[[ Records supplied open ]]

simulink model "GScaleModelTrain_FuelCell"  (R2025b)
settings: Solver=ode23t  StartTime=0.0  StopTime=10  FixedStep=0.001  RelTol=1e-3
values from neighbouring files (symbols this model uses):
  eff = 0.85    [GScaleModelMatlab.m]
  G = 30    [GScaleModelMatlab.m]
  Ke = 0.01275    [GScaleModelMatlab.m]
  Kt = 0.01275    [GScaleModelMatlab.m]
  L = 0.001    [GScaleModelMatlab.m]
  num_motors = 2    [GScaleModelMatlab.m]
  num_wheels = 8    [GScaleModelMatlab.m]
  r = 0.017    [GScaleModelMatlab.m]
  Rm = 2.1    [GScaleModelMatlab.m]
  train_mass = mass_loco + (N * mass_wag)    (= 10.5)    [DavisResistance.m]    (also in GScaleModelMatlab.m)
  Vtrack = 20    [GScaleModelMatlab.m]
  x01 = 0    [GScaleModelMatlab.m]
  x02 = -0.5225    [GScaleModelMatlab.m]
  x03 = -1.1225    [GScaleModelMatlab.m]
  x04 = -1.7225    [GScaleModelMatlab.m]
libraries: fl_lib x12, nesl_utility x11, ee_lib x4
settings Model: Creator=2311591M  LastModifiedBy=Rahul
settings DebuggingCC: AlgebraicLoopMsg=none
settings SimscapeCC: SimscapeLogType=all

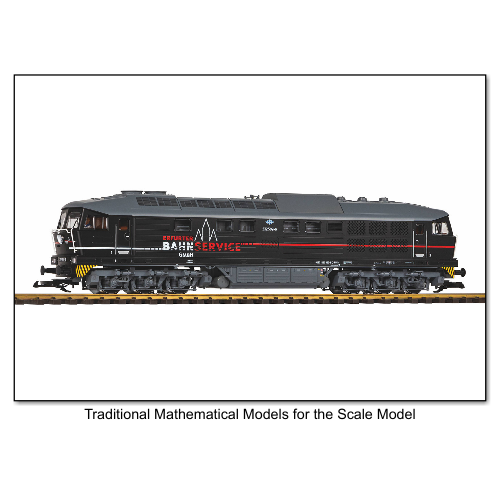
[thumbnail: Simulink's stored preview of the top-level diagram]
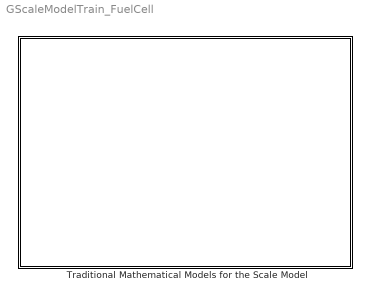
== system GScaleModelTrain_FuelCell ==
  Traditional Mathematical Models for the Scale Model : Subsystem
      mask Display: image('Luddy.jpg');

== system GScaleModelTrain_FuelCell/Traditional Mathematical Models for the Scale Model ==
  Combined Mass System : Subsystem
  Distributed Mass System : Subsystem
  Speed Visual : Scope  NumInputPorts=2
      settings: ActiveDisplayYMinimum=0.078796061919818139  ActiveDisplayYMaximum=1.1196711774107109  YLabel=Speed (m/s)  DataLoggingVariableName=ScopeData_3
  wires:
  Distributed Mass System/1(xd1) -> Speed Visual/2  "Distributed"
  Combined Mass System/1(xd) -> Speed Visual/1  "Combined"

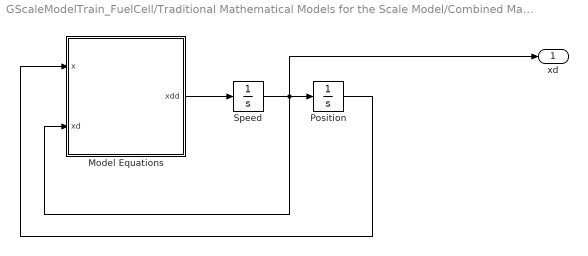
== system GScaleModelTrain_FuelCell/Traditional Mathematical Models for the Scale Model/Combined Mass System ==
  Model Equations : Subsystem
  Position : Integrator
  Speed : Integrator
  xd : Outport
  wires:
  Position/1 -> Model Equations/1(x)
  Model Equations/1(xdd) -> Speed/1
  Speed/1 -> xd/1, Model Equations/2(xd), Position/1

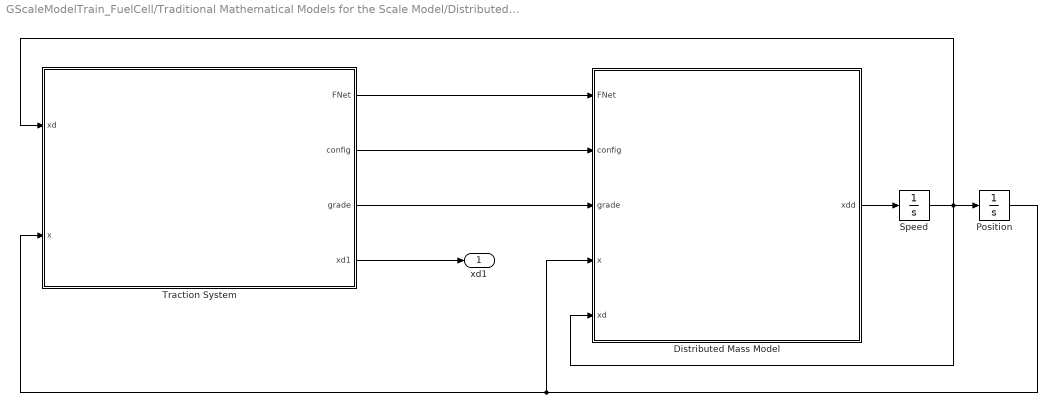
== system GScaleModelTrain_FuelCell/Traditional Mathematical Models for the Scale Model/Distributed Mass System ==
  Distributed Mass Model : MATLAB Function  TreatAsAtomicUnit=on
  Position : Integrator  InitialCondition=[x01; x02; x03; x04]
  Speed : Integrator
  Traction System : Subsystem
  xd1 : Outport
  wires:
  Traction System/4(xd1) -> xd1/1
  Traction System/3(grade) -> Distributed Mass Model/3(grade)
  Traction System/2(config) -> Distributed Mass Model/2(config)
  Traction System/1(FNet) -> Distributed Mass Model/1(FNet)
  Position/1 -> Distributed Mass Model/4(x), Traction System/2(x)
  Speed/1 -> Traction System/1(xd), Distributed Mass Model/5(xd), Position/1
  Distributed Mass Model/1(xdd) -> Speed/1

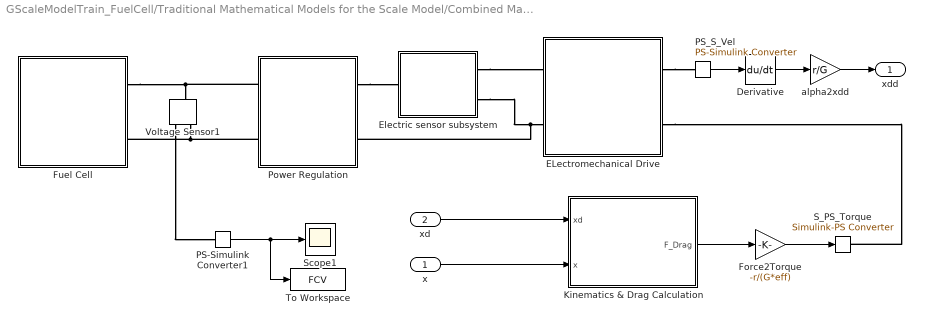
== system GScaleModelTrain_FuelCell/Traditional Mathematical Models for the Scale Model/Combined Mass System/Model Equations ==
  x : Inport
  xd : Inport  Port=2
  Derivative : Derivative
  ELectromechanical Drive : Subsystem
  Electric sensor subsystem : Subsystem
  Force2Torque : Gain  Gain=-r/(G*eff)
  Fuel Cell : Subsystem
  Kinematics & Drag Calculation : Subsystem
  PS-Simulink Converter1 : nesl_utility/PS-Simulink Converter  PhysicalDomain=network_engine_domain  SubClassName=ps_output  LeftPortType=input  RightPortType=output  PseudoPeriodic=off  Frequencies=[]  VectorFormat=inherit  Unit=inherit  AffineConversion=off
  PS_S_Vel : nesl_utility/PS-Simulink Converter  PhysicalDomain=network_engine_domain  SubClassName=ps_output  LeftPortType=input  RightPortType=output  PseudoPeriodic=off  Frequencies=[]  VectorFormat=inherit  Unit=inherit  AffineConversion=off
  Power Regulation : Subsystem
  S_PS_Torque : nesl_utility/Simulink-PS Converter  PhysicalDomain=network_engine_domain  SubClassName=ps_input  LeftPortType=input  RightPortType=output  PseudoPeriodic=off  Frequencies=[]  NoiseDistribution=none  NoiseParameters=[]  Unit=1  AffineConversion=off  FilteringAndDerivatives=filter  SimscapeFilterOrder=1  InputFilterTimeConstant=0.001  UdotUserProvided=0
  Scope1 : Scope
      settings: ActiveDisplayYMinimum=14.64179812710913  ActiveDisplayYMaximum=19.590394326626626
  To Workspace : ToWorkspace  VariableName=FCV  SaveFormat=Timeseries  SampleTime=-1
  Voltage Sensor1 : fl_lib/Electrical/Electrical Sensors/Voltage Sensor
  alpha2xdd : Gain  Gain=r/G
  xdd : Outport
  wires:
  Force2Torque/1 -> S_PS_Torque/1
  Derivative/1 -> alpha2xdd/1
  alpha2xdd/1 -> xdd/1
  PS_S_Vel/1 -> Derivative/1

[[ Records supplied closed ]]

- **Work order**
Return exactly the lines above, from the one with "Distributed Mass Model/1(xdd) -> Speed/1" up to and including the one with "Kinematics & Drag Calculation : Subsystem", and include no pictures.

- **Task response**
  Distributed Mass Model/1(xdd) -> Speed/1

== system GScaleModelTrain_FuelCell/Traditional Mathematical Models for the Scale Model/Combined Mass System/Model Equations ==
  x : Inport
  xd : Inport  Port=2
  Derivative : Derivative
  ELectromechanical Drive : Subsystem
  Electric sensor subsystem : Subsystem
  Force2Torque : Gain  Gain=-r/(G*eff)
  Fuel Cell : Subsystem
  Kinematics & Drag Calculation : Subsystem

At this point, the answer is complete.